→ **To do**:
Quote exactly the lines from the start of the entries to the one with "#1=APPLICATION_CONTEXT('core data for", both ends included.

→ **The records**:
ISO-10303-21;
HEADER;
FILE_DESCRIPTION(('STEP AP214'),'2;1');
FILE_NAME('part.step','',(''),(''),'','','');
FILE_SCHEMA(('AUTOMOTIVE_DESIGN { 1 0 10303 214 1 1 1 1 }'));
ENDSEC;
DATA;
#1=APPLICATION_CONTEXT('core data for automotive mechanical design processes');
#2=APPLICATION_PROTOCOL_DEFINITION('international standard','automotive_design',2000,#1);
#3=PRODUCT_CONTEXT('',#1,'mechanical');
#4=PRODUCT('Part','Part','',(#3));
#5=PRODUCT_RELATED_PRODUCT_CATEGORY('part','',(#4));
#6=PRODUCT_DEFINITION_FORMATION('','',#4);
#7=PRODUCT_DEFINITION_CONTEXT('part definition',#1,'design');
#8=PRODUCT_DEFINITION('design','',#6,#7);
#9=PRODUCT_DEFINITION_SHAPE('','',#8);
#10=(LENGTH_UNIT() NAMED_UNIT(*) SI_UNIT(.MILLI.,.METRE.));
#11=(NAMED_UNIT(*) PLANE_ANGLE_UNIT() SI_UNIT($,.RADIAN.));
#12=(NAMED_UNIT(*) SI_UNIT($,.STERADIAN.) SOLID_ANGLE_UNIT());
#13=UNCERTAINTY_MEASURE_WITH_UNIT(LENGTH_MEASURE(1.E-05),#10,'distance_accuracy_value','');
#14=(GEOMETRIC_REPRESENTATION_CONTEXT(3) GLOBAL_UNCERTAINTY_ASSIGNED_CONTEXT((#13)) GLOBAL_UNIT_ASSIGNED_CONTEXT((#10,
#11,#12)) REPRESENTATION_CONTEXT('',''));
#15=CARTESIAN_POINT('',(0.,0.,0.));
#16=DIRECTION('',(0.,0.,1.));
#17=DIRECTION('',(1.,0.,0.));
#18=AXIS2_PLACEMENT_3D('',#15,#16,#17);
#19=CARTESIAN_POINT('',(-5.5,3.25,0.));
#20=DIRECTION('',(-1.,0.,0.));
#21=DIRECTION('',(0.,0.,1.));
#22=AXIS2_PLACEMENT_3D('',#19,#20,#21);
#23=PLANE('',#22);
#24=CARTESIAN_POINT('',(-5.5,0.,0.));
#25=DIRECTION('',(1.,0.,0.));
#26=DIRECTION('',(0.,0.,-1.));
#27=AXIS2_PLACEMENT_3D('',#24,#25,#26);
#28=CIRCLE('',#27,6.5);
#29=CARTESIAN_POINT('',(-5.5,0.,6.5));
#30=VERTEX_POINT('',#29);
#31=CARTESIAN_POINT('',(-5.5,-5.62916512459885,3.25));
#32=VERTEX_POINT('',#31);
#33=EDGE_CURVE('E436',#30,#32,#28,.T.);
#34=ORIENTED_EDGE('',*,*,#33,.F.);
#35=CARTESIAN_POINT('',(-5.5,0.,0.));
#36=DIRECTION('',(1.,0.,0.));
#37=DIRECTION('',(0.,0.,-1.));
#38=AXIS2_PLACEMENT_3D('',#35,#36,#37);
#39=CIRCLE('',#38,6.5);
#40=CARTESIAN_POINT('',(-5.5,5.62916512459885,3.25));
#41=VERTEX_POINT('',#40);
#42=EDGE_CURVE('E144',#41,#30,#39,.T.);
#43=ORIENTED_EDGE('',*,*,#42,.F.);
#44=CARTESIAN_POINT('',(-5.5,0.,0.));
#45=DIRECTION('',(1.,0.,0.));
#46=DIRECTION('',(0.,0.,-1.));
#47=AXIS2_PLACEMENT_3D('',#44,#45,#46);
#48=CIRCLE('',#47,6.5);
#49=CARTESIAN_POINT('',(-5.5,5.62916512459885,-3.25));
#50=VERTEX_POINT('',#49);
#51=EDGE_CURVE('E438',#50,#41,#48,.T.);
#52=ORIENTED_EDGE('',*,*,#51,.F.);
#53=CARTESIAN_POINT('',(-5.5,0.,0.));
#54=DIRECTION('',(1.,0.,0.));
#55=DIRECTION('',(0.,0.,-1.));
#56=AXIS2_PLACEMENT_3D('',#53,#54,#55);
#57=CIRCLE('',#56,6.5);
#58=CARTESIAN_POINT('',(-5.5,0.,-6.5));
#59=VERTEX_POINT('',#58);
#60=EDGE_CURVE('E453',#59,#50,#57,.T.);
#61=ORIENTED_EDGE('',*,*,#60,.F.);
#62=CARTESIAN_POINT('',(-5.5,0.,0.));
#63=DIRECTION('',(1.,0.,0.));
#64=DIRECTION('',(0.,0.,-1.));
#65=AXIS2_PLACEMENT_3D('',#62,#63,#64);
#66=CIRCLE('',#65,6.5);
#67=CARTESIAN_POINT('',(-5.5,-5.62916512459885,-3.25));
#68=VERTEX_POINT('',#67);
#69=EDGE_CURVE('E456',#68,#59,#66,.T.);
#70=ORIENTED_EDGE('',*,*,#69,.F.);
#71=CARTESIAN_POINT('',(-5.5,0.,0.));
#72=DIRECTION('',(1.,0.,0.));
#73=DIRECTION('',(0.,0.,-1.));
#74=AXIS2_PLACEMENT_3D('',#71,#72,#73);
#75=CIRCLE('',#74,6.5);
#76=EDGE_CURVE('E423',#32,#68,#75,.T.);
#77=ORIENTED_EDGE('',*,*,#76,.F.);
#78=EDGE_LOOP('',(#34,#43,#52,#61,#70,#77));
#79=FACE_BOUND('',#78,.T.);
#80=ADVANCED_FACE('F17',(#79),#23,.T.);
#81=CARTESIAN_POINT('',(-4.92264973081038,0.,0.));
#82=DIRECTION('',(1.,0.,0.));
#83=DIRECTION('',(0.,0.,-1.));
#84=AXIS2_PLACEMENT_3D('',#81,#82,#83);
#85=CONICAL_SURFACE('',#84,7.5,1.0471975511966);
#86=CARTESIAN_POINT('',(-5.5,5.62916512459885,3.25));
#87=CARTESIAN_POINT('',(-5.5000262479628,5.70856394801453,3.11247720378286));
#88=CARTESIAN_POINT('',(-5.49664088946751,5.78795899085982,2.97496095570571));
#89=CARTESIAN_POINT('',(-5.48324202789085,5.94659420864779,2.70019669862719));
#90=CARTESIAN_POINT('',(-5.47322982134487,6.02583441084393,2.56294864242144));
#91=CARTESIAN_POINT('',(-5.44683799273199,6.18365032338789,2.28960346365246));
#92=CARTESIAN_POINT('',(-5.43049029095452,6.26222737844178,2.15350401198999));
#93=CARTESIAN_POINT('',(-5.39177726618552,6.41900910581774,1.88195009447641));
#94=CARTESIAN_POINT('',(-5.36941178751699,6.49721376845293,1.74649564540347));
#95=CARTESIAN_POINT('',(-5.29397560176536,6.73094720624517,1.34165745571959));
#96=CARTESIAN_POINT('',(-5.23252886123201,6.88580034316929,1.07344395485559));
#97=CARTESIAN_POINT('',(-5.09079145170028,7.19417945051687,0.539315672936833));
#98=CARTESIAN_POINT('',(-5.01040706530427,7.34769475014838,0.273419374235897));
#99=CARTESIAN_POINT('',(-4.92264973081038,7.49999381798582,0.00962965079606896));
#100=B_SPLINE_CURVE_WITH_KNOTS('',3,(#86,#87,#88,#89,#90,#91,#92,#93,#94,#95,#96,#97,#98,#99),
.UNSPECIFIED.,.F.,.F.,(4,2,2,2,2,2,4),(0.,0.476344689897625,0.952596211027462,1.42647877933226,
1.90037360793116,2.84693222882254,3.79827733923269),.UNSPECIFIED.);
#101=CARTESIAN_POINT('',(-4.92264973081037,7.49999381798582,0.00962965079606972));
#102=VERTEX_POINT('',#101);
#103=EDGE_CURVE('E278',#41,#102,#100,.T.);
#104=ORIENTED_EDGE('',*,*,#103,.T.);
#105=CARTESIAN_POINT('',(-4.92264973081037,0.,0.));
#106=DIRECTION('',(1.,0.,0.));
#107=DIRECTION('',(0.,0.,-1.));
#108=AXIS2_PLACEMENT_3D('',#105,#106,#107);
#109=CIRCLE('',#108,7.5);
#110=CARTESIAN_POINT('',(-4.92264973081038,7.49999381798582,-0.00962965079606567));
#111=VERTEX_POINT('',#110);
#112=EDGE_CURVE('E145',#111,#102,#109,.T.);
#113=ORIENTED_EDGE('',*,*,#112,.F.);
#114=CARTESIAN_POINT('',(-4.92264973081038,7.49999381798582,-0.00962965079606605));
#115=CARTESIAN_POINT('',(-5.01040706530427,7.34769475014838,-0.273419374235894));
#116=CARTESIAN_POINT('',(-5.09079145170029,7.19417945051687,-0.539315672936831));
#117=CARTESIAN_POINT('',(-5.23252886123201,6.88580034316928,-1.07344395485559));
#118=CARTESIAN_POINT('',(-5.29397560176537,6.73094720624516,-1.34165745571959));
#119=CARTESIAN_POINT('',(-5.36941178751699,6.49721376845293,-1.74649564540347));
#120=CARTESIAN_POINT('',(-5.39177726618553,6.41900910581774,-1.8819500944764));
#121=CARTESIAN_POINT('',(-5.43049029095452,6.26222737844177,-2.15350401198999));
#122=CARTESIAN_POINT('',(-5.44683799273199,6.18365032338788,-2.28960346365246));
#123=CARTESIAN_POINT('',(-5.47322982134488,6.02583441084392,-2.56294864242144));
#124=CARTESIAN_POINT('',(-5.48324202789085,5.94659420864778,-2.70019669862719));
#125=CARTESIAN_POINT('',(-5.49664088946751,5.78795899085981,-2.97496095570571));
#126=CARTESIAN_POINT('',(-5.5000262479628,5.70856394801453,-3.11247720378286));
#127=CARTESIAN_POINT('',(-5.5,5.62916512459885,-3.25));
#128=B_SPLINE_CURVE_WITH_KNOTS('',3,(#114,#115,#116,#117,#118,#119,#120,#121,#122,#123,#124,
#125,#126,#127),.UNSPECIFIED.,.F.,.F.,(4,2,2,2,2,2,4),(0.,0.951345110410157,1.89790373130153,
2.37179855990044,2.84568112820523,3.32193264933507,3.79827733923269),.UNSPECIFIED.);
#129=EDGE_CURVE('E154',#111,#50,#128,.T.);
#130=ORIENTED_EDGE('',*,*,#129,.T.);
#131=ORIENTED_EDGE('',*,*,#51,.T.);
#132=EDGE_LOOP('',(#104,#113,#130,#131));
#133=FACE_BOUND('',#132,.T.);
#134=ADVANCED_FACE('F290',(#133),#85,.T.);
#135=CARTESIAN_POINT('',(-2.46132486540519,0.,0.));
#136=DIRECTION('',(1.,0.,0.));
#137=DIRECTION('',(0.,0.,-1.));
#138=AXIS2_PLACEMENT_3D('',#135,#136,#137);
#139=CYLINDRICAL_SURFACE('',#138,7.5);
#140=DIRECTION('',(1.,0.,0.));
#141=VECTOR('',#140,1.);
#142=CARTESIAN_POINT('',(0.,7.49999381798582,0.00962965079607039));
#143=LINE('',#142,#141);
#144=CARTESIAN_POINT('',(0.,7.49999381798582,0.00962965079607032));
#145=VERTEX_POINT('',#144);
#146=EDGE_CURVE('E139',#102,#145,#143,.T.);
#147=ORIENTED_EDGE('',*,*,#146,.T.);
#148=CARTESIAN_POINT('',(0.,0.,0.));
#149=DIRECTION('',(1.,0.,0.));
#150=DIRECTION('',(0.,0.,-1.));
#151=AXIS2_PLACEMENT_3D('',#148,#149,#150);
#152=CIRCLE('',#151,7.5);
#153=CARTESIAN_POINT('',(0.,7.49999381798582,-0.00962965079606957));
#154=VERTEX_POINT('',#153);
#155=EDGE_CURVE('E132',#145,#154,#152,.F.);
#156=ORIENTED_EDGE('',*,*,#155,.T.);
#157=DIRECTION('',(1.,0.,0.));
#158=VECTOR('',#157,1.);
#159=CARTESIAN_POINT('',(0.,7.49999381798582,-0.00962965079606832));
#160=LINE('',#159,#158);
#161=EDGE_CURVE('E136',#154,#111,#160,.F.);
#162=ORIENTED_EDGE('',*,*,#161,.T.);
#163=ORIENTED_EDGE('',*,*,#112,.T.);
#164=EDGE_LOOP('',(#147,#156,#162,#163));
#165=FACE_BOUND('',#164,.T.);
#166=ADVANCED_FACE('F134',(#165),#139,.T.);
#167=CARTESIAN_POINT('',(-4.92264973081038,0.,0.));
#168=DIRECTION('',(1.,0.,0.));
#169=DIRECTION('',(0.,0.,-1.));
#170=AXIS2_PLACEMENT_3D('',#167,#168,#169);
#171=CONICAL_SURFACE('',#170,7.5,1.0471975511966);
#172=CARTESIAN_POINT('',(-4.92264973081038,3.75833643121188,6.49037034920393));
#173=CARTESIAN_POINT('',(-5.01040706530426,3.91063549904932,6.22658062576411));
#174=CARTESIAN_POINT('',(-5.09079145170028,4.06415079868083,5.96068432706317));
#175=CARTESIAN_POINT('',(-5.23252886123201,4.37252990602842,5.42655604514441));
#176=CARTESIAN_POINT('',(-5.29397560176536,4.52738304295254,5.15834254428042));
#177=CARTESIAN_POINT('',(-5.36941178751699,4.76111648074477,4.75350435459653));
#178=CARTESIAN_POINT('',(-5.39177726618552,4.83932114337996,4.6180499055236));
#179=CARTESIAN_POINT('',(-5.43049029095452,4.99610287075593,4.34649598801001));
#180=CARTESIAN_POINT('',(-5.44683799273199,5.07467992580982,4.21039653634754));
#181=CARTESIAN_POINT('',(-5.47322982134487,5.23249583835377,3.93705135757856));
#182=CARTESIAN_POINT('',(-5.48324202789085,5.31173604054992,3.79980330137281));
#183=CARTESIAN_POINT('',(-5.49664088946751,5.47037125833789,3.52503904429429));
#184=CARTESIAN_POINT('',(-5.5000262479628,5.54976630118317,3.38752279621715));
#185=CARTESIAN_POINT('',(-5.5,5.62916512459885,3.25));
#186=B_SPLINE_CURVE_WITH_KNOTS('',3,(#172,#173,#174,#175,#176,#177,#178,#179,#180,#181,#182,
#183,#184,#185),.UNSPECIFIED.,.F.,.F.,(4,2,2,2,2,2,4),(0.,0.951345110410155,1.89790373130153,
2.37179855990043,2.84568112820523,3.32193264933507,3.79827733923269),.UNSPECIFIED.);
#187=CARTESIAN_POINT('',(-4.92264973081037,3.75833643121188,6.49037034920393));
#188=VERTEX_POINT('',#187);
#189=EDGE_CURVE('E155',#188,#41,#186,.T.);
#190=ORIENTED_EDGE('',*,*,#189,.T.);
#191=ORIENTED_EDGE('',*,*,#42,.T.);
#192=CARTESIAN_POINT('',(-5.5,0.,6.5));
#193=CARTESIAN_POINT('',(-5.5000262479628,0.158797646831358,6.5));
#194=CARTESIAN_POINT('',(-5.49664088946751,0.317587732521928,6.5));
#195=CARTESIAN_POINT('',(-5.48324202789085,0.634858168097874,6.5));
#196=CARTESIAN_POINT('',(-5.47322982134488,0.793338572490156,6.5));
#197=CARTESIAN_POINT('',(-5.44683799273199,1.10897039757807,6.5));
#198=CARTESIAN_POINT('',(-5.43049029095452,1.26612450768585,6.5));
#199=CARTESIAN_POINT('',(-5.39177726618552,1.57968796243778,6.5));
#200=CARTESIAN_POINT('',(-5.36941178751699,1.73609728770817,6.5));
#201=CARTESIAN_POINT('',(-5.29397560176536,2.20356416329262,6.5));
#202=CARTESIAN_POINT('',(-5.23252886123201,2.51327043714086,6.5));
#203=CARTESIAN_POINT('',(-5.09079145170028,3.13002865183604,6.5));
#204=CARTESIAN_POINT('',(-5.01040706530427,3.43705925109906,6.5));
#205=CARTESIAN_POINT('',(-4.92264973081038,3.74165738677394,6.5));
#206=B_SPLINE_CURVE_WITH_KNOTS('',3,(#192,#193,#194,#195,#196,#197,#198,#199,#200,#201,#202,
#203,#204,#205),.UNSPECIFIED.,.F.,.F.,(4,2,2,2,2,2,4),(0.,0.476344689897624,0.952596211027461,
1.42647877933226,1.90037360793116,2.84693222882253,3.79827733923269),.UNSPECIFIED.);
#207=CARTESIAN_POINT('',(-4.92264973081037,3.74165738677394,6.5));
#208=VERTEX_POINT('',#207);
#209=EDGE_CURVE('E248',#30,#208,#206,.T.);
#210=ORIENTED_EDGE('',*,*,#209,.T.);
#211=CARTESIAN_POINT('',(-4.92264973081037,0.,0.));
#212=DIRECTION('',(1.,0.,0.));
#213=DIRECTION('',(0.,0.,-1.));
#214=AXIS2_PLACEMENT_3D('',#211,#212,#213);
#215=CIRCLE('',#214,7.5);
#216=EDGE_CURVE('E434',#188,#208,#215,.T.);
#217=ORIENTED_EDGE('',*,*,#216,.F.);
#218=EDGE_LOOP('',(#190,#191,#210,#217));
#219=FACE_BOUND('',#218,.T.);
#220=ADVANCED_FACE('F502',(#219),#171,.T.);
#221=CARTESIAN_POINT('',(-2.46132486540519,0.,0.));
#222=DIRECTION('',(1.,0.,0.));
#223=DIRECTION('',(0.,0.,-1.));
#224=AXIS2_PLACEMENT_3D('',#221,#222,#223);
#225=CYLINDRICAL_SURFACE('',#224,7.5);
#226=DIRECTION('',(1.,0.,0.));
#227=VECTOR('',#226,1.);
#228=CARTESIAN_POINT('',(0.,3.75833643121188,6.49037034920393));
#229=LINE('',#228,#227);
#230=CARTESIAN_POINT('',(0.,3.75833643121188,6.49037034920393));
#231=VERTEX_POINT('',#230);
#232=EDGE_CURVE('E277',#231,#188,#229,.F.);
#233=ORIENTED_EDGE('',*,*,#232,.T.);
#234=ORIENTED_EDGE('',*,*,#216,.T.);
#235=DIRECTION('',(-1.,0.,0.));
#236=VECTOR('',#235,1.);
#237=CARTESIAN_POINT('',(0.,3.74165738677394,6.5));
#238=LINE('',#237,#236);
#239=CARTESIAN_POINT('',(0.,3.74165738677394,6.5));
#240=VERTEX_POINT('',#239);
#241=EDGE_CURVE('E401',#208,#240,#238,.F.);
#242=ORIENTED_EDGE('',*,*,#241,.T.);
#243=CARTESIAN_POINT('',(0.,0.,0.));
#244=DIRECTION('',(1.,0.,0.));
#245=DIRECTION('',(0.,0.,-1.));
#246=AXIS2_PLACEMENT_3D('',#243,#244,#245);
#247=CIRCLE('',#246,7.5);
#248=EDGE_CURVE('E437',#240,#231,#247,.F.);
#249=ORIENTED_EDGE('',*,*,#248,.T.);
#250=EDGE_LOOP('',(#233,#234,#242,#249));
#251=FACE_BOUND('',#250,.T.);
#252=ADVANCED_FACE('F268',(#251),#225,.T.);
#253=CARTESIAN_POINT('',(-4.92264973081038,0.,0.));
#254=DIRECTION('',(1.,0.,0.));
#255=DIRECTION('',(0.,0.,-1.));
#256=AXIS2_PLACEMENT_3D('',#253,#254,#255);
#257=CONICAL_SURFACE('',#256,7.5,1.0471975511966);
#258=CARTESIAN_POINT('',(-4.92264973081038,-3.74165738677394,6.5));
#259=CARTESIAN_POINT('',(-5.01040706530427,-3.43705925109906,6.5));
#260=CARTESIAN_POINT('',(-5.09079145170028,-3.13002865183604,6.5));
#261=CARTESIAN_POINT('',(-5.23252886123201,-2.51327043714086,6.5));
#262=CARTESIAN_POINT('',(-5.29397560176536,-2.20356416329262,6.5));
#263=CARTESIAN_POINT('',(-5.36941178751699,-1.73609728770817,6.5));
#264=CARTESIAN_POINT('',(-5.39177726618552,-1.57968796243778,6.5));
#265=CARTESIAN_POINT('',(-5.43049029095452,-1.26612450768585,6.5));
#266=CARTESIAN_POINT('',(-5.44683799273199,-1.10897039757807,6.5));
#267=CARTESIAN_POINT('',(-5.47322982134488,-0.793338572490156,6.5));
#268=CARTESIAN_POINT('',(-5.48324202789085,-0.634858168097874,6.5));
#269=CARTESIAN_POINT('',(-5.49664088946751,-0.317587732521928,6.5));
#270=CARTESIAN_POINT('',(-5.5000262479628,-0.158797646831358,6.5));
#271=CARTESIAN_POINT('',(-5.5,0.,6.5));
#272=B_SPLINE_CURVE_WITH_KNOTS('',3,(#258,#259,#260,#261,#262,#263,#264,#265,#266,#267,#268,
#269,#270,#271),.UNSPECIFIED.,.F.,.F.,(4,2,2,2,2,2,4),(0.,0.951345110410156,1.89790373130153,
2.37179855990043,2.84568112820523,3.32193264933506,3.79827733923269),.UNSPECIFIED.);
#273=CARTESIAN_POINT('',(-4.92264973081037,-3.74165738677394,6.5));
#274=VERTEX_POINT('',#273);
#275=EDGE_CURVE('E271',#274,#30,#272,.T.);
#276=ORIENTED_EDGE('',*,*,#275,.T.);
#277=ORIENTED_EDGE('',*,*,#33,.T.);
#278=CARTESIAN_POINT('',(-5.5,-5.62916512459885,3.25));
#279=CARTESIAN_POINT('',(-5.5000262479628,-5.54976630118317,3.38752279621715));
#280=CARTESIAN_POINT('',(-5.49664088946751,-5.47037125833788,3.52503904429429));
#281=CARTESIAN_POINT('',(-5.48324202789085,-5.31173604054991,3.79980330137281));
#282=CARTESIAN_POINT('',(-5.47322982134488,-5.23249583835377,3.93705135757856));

→ **Completed task**:
ISO-10303-21;
HEADER;
FILE_DESCRIPTION(('STEP AP214'),'2;1');
FILE_NAME('part.step','',(''),(''),'','','');
FILE_SCHEMA(('AUTOMOTIVE_DESIGN { 1 0 10303 214 1 1 1 1 }'));
ENDSEC;
DATA;
#1=APPLICATION_CONTEXT('core data for automotive mechanical design processes');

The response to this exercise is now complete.